(Saved data entries)
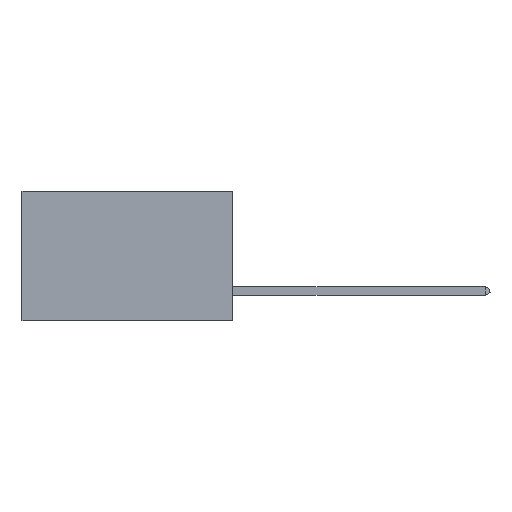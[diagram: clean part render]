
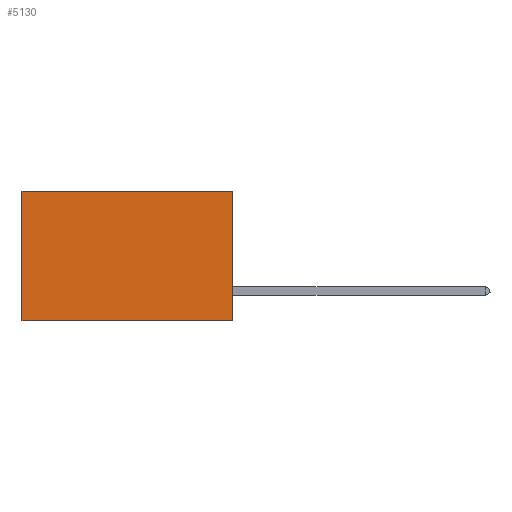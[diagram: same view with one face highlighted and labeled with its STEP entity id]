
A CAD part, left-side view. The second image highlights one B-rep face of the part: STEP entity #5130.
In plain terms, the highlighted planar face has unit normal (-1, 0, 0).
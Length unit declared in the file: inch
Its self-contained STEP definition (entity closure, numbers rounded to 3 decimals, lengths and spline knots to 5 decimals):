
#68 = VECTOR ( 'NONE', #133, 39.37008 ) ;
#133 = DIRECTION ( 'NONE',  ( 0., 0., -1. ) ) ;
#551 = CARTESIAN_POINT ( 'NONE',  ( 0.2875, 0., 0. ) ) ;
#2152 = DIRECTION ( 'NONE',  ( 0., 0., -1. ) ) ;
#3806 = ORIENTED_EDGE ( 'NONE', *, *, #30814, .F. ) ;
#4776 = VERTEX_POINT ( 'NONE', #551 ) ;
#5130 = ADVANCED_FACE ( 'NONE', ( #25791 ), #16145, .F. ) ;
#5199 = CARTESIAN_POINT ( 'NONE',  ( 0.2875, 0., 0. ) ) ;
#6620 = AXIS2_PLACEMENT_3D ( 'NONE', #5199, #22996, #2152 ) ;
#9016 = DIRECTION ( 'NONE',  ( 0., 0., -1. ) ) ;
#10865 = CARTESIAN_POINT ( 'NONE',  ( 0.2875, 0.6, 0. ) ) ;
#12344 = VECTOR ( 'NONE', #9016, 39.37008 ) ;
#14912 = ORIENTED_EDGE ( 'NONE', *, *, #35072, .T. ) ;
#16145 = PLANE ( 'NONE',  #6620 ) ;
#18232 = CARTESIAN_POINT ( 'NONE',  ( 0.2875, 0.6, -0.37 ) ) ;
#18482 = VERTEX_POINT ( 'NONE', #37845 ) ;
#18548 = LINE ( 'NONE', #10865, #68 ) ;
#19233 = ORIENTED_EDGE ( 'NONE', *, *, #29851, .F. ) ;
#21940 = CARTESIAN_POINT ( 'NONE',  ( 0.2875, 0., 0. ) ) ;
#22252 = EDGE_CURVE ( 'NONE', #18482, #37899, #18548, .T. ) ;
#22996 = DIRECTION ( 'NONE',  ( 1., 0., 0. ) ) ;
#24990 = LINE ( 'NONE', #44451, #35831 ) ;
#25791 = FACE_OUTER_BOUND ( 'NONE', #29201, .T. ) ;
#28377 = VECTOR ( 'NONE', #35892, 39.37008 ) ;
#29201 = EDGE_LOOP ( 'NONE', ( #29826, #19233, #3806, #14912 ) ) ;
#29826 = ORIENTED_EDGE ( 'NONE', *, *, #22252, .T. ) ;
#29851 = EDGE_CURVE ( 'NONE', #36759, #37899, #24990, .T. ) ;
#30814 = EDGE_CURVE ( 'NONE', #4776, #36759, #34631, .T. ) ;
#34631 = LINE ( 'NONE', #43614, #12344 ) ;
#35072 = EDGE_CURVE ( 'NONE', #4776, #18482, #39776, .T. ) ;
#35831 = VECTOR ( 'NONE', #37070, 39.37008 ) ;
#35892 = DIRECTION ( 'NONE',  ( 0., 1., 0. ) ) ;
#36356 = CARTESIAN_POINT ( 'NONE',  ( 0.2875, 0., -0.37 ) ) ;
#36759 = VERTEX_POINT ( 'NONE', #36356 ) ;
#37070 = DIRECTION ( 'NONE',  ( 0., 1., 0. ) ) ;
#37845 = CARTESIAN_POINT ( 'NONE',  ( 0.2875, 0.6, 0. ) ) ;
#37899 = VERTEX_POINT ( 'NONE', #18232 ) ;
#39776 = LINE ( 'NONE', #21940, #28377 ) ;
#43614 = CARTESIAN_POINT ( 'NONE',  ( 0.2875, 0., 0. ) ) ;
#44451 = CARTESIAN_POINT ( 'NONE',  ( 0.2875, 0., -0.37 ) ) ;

• Work to complete:
Would you repeat, exactly and with nothing added, every line from the line containing "#24990 = LINE ( 'NONE', #44451, #35831 ) ;" through the last line of the records above?

• Reply to the exercise:
#24990 = LINE ( 'NONE', #44451, #35831 ) ;
#25791 = FACE_OUTER_BOUND ( 'NONE', #29201, .T. ) ;
#28377 = VECTOR ( 'NONE', #35892, 39.37008 ) ;
#29201 = EDGE_LOOP ( 'NONE', ( #29826, #19233, #3806, #14912 ) ) ;
#29826 = ORIENTED_EDGE ( 'NONE', *, *, #22252, .T. ) ;
#29851 = EDGE_CURVE ( 'NONE', #36759, #37899, #24990, .T. ) ;
#30814 = EDGE_CURVE ( 'NONE', #4776, #36759, #34631, .T. ) ;
#34631 = LINE ( 'NONE', #43614, #12344 ) ;
#35072 = EDGE_CURVE ( 'NONE', #4776, #18482, #39776, .T. ) ;
#35831 = VECTOR ( 'NONE', #37070, 39.37008 ) ;
#35892 = DIRECTION ( 'NONE',  ( 0., 1., 0. ) ) ;
#36356 = CARTESIAN_POINT ( 'NONE',  ( 0.2875, 0., -0.37 ) ) ;
#36759 = VERTEX_POINT ( 'NONE', #36356 ) ;
#37070 = DIRECTION ( 'NONE',  ( 0., 1., 0. ) ) ;
#37845 = CARTESIAN_POINT ( 'NONE',  ( 0.2875, 0.6, 0. ) ) ;
#37899 = VERTEX_POINT ( 'NONE', #18232 ) ;
#39776 = LINE ( 'NONE', #21940, #28377 ) ;
#43614 = CARTESIAN_POINT ( 'NONE',  ( 0.2875, 0., 0. ) ) ;
#44451 = CARTESIAN_POINT ( 'NONE',  ( 0.2875, 0., -0.37 ) ) ;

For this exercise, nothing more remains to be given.